> About this exercise
From the data below, retype exactly the lines starting with the one that contains "- Placage:21 [Mate]: Support_Moteur:1" and ending with the one that contains "- Placage:24 [Mate]: Support_Carte:1", both included.

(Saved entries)
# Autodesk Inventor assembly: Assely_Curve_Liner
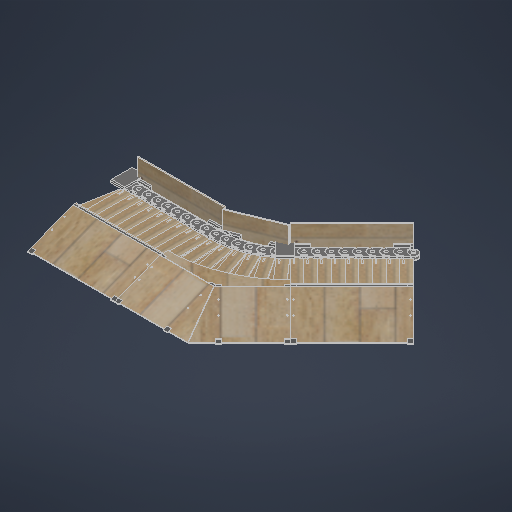
[picture p0: Inventor's stored thumbnail of the model, 512x512]
Saved by Autodesk Inventor 2026.3 (Build 303398000, 398)
## iProperties
Created: 2026-09-07
Part Number: Assely_Curve_Liner
Document SubType Name: Assembly
Designer: takuya
Author: takuya
## Documents named in this file (3)
- D:\model\D2_Conveyor_2026\Assely_Curve_Liner.iam
- D:\model\D2_Conveyor_2026\liniar_module\Assy_linear_module.iam
- D:\model\D2_Conveyor_2026\curve_module\Assy_curve_module.iam
## Components (3 placed, 2 different names)
1. Assy_linear_module:2 [sub-assembly] — メイト:1, フラッシュ:2, フラッシュ:3
2. Assy_linear_module:3 [sub-assembly] — メイト:2, フラッシュ:1, フラッシュ:4
3. Assy_curve_module:1 [sub-assembly] — メイト:1, メイト:2, フラッシュ:1, フラッシュ:2, フラッシュ:3, フラッシュ:4
## Relationships (6: Flush 4, Mate 2)
- メイト:1 [Mate]: Assy_linear_module:2 ↔ Assy_curve_module:1
- メイト:2 [Mate]: Assy_linear_module:3 ↔ Assy_curve_module:1
- フラッシュ:1 [Flush]: Assy_linear_module:3 ↔ Assy_curve_module:1
- フラッシュ:2 [Flush]: Assy_linear_module:2 ↔ Assy_curve_module:1
- フラッシュ:3 [Flush]: Assy_linear_module:2 ↔ Assy_curve_module:1
- フラッシュ:4 [Flush]: Assy_linear_module:3 ↔ Assy_curve_module:1
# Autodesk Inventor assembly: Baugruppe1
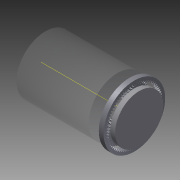
[picture p0: Inventor's stored thumbnail of the model, 180x180]
Saved by Autodesk Inventor 2014 (Build 180170000, 170)
## iProperties
Created: 2013-05-23
Part Number: Baugruppe1
Document SubType Name: Assembly
Designer: hartmann
Author: hartmann
## Documents named in this file (6)
- C:\Dokumente und Einstellungen\hartmann\Desktop\Beep\Hardware\Model\Baugruppe1.iam
- C:\Dokumente und Einstellungen\hartmann\Desktop\Beep\Hardware\Model\motor.ipt
- C:\Dokumente und Einstellungen\hartmann\Desktop\Beep\Hardware\Model\Baugruppe1\Konstruktions-Assistent\Stirnräder1.iam
- C:\Dokumente und Einstellungen\hartmann\Desktop\Beep\Hardware\Model\Baugruppe1\Konstruktions-Assistent\Stirnräder2.iam
- C:\Dokumente und Einstellungen\hartmann\Desktop\Beep\Hardware\Model\Baugruppe1\Konstruktions-Assistent\Stirnräder3.iam
- C:\Dokumente und Einstellungen\hartmann\Desktop\Beep\Hardware\Model\PSteg.ipt
## Components (7 placed, 3 different names)
1. motor:1 — Passend:1, Passend:2
2. Stirnräder:1 [sub-assembly] — Passend:2, Passend:3, Fluchtend:2, Fluchtend:3, Fluchtend:4
3. Stirnräder:3 [sub-assembly] — Fluchtend:2, Passend:4
4. PSteg:1 — Fluchtend:4
5. Stirnräder:2 [sub-assembly] — Passend:5, Fluchtend:3
6. Stirnräder:4 [sub-assembly]
7. Stirnräder:5 [sub-assembly]
## Component patterns: (3 elements, first: Stirnräder:2)
## Relationships (8: Mate 5, Flush 3)
- Passend:1 [Mate]: motor:1
- Passend:2 [Mate] (5 mm): motor:1 ↔ Stirnräder:1
- Passend:3 [Mate]: Stirnräder:1
- Fluchtend:2 [Flush]: Stirnräder:1 ↔ Stirnräder:3
- Passend:4 [Mate]: Stirnräder:3
- Passend:5 [Mate] (6.75 mm): Stirnräder:2
- Fluchtend:3 [Flush]: Stirnräder:1 ↔ Stirnräder:2
- Fluchtend:4 [Flush]: Stirnräder:1 ↔ PSteg:1
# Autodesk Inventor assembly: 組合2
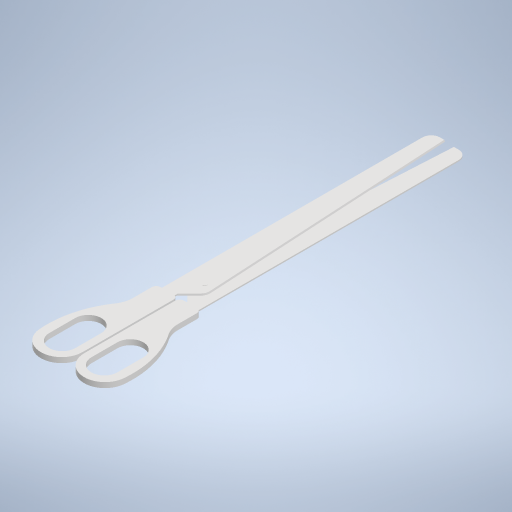
[picture p0: Inventor's stored thumbnail of the model, 512x512]
Saved by Autodesk Inventor 2024.2 (Build 282272000, 272)
## iProperties
Created: 2024-05-16
Part Number: 組合2
Document SubType Name: Assembly
Designer: User
Author: User
## Documents named in this file (4)
- C:\Users\User\OneDrive - 國立中山大學\桌面\創客基礎\0516\組合2.iam
- C:\Users\User\OneDrive - 國立中山大學\桌面\創客基礎\0516\許育菖_刀柄.ipt
- C:\Users\User\OneDrive - 國立中山大學\桌面\創客基礎\0516\許育菖_剪刀握柄.ipt
- C:\Users\User\OneDrive - 國立中山大學\桌面\創客基礎\0516\許育菖_圓柱.ipt
## Components (5 placed, 3 different names)
1. 許育菖_刀柄:1 — 插入:2, 齊平:1, 貼合:2, 貼合:6, 貼合:7
2. 許育菖_刀柄:2 — 插入:1, 齊平:1, 貼合:1, 貼合:3, 貼合:4, 貼合:5
3. 許育菖_剪刀握柄:1 — 貼合:3, 貼合:4, 貼合:5, 齊平:2
4. 許育菖_剪刀握柄:2 — 貼合:6, 貼合:7, 齊平:2
5. 許育菖_圓柱:1 — 插入:1, 插入:2, 貼合:1, 貼合:2
## Relationships (11: Mate 7, Insert 2, Flush 2)
- 插入:1 [Insert] (-1.75 mm): 許育菖_刀柄:2 ↔ 許育菖_圓柱:1
- 插入:2 [Insert] (-0.25 mm): 許育菖_刀柄:1 ↔ 許育菖_圓柱:1
- 齊平:1 [Flush]: 許育菖_刀柄:1 ↔ 許育菖_刀柄:2
- 貼合:1 [Mate]: 許育菖_刀柄:2 ↔ 許育菖_圓柱:1
- 貼合:2 [Mate]: 許育菖_刀柄:1 ↔ 許育菖_圓柱:1
- 貼合:3 [Mate]: 許育菖_刀柄:2 ↔ 許育菖_剪刀握柄:1
- 貼合:4 [Mate]: 許育菖_刀柄:2 ↔ 許育菖_剪刀握柄:1
- 貼合:5 [Mate]: 許育菖_刀柄:2 ↔ 許育菖_剪刀握柄:1
- 貼合:6 [Mate]: 許育菖_刀柄:1 ↔ 許育菖_剪刀握柄:2
- 貼合:7 [Mate]: 許育菖_刀柄:1 ↔ 許育菖_剪刀握柄:2
- 齊平:2 [Flush]: 許育菖_剪刀握柄:1 ↔ 許育菖_剪刀握柄:2
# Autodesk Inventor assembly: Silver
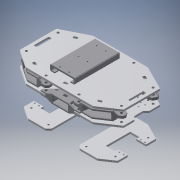
[picture p0: Inventor's stored thumbnail of the model, 180x180]
Saved by Autodesk Inventor 2016 (Build 200138000, 138)
## iProperties
Created: 2016-09-29
Part Number: Silver
Material: Générique
Document SubType Name: Assembly
Designer: LogOut
Author: LogOut
## Documents named in this file (10)
- C:\Travail\Objets\GitHub\Silver\Mechanic\Silver.iam
- C:\Travail\Objets\GitHub\Silver\Mechanic\Support_Roue.ipt
- C:\Travail\Objets\GitHub\Silver\Mechanic\Support_Moteur.ipt
- C:\Travail\Objets\GitHub\Silver\Mechanic\Support_GP2.C.ipt
- C:\Travail\Objets\GitHub\Silver\Mechanic\Support_Carte.ipt
- C:\Travail\Objets\GitHub\Silver\Mechanic\Support_GP2.Av.ipt
- C:\Travail\Objets\GitHub\Silver\Mechanic\Support_GP2.Av_MIR1.ipt
- C:\Travail\Objets\GitHub\Silver\Mechanic\Support_GP2.Ar.ipt
- C:\Travail\Objets\GitHub\Silver\Mechanic\Support_GP2.Ar_MIR.ipt
- C:\Travail\Objets\GitHub\Silver\Mechanic\Support_logique.ipt
## Components (11 placed, 9 different names)
1. Support_Roue:1 — Placage:2, Placage:13, Placage:14
2. Support_Roue:2 — Placage:1, Placage:11, Placage:12
3. Support_Moteur:1 — Placage:1, Placage:2, Placage:11, Placage:12, Placage:13, Placage:14, Placage:15, Affleurement:1, Affleurement:2, Placage:16, Placage:17, Placage:18, Placage:20, Placage:21, Placage:22
4. Support_Carte:1 — Placage:15, Affleurement:1, Affleurement:2, Placage:23, Placage:24, Placage:28, Placage:29, Placage:30, Placage:31, Placage:32, Placage:33, Placage:34, Affleurement:6, Placage:35, Affleurement:7
5. Support_GP2.C:1 — Placage:20, Placage:21, Placage:22
6. Support_GP2.C:2 — Placage:16, Placage:17, Placage:18
7. Support_GP2.Av:1 — Placage:23, Placage:24, Placage:28, Affleurement:3
8. Support_GP2.Av_MIR1:1 — Affleurement:3, Placage:29, Placage:30, Affleurement:4
9. Support_GP2.Ar:1 — Affleurement:4, Placage:31, Placage:32, Affleurement:5
10. Support_GP2.Ar_MIR:1 — Affleurement:5, Placage:33, Placage:34
11. Support_logique:1 — Affleurement:6, Placage:35, Affleurement:7
## Relationships (30: Mate 23, Flush 7)
- Placage:1 [Mate] (100 mm): Support_Roue:2 ↔ Support_Moteur:1
- Placage:2 [Mate] (100 mm): Support_Roue:1 ↔ Support_Moteur:1
- Placage:11 [Mate]: Support_Roue:2 ↔ Support_Moteur:1
- Placage:12 [Mate]: Support_Roue:2 ↔ Support_Moteur:1
- Placage:13 [Mate]: Support_Roue:1 ↔ Support_Moteur:1
- Placage:14 [Mate]: Support_Roue:1 ↔ Support_Moteur:1
- Placage:15 [Mate] (40 mm): Support_Moteur:1 ↔ Support_Carte:1
- Affleurement:1 [Flush]: Support_Moteur:1 ↔ Support_Carte:1
- Affleurement:2 [Flush]: Support_Moteur:1 ↔ Support_Carte:1
- Placage:16 [Mate]: Support_Moteur:1 ↔ Support_GP2.C:2
- Placage:17 [Mate]: Support_Moteur:1 ↔ Support_GP2.C:2
- Placage:18 [Mate]: Support_Moteur:1 ↔ Support_GP2.C:2
- Placage:20 [Mate]: Support_Moteur:1 ↔ Support_GP2.C:1
- Placage:21 [Mate]: Support_Moteur:1 ↔ Support_GP2.C:1
- Placage:22 [Mate]: Support_Moteur:1 ↔ Support_GP2.C:1
- Placage:23 [Mate]: Support_Carte:1 ↔ Support_GP2.Av:1
- Placage:24 [Mate]: Support_Carte:1 ↔ Support_GP2.Av:1
- Placage:28 [Mate] (4 mm): Support_Carte:1 ↔ Support_GP2.Av:1
- Affleurement:3 [Flush]: Support_GP2.Av:1 ↔ Support_GP2.Av_MIR1:1
- Placage:29 [Mate]: Support_Carte:1 ↔ Support_GP2.Av_MIR1:1
- Placage:30 [Mate]: Support_Carte:1 ↔ Support_GP2.Av_MIR1:1
- Affleurement:4 [Flush]: Support_GP2.Av_MIR1:1 ↔ Support_GP2.Ar:1
- Placage:31 [Mate]: Support_Carte:1 ↔ Support_GP2.Ar:1
- Placage:32 [Mate]: Support_Carte:1 ↔ Support_GP2.Ar:1
- Affleurement:5 [Flush]: Support_GP2.Ar:1 ↔ Support_GP2.Ar_MIR:1
- Placage:33 [Mate]: Support_Carte:1 ↔ Support_GP2.Ar_MIR:1
- Placage:34 [Mate]: Support_Carte:1 ↔ Support_GP2.Ar_MIR:1
- Affleurement:6 [Flush] (10 mm): Support_Carte:1 ↔ Support_logique:1
- Placage:35 [Mate] (20 mm): Support_Carte:1 ↔ Support_logique:1
- Affleurement:7 [Flush] (129 mm): Support_Carte:1 ↔ Support_logique:1
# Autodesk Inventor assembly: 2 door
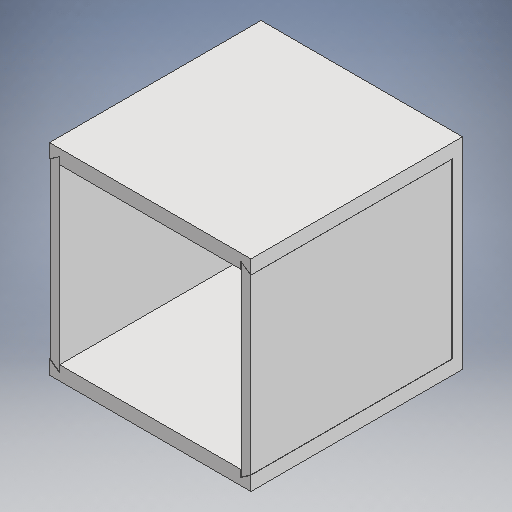
[picture p0: Inventor's stored thumbnail of the model, 512x512]
Saved by Autodesk Inventor 2025.2 (Build 292293000, 293)
## iProperties
Created: 2025-02-23
Part Number: 2 door
Document SubType Name: Assembly
Designer: Alex
Author: Alex
## Documents named in this file (3)
- C:\Shared\alex-bartella-schoolwork\4b03\dr2\2 door.iam
- C:\Shared\alex-bartella-schoolwork\4b03\dr2\main.ipt
- C:\Shared\alex-bartella-schoolwork\4b03\dr2\door.ipt
## Components (3 placed, 2 different names)
1. main:1 — Flush:2, Mate:1, Mate:2, Flush:3, Mate:3, Flush:4
2. door:1 — Flush:2, Mate:1, Mate:2
3. door:2 — Flush:3, Mate:3, Flush:4
## Relationships (6: Flush 3, Mate 3)
- Flush:2 (0.1 mm): main:1 ↔ door:1
- Mate:1 (0.1 mm): main:1 ↔ door:1
- Mate:2: main:1 ↔ door:1
- Flush:3 (0.1 mm): main:1 ↔ door:2
- Mate:3 (0.1 mm): main:1 ↔ door:2
- Flush:4: main:1 ↔ door:2

> Answer to this exercise
- Placage:21 [Mate]: Support_Moteur:1 ↔ Support_GP2.C:1
- Placage:22 [Mate]: Support_Moteur:1 ↔ Support_GP2.C:1
- Placage:23 [Mate]: Support_Carte:1 ↔ Support_GP2.Av:1
- Placage:24 [Mate]: Support_Carte:1 ↔ Support_GP2.Av:1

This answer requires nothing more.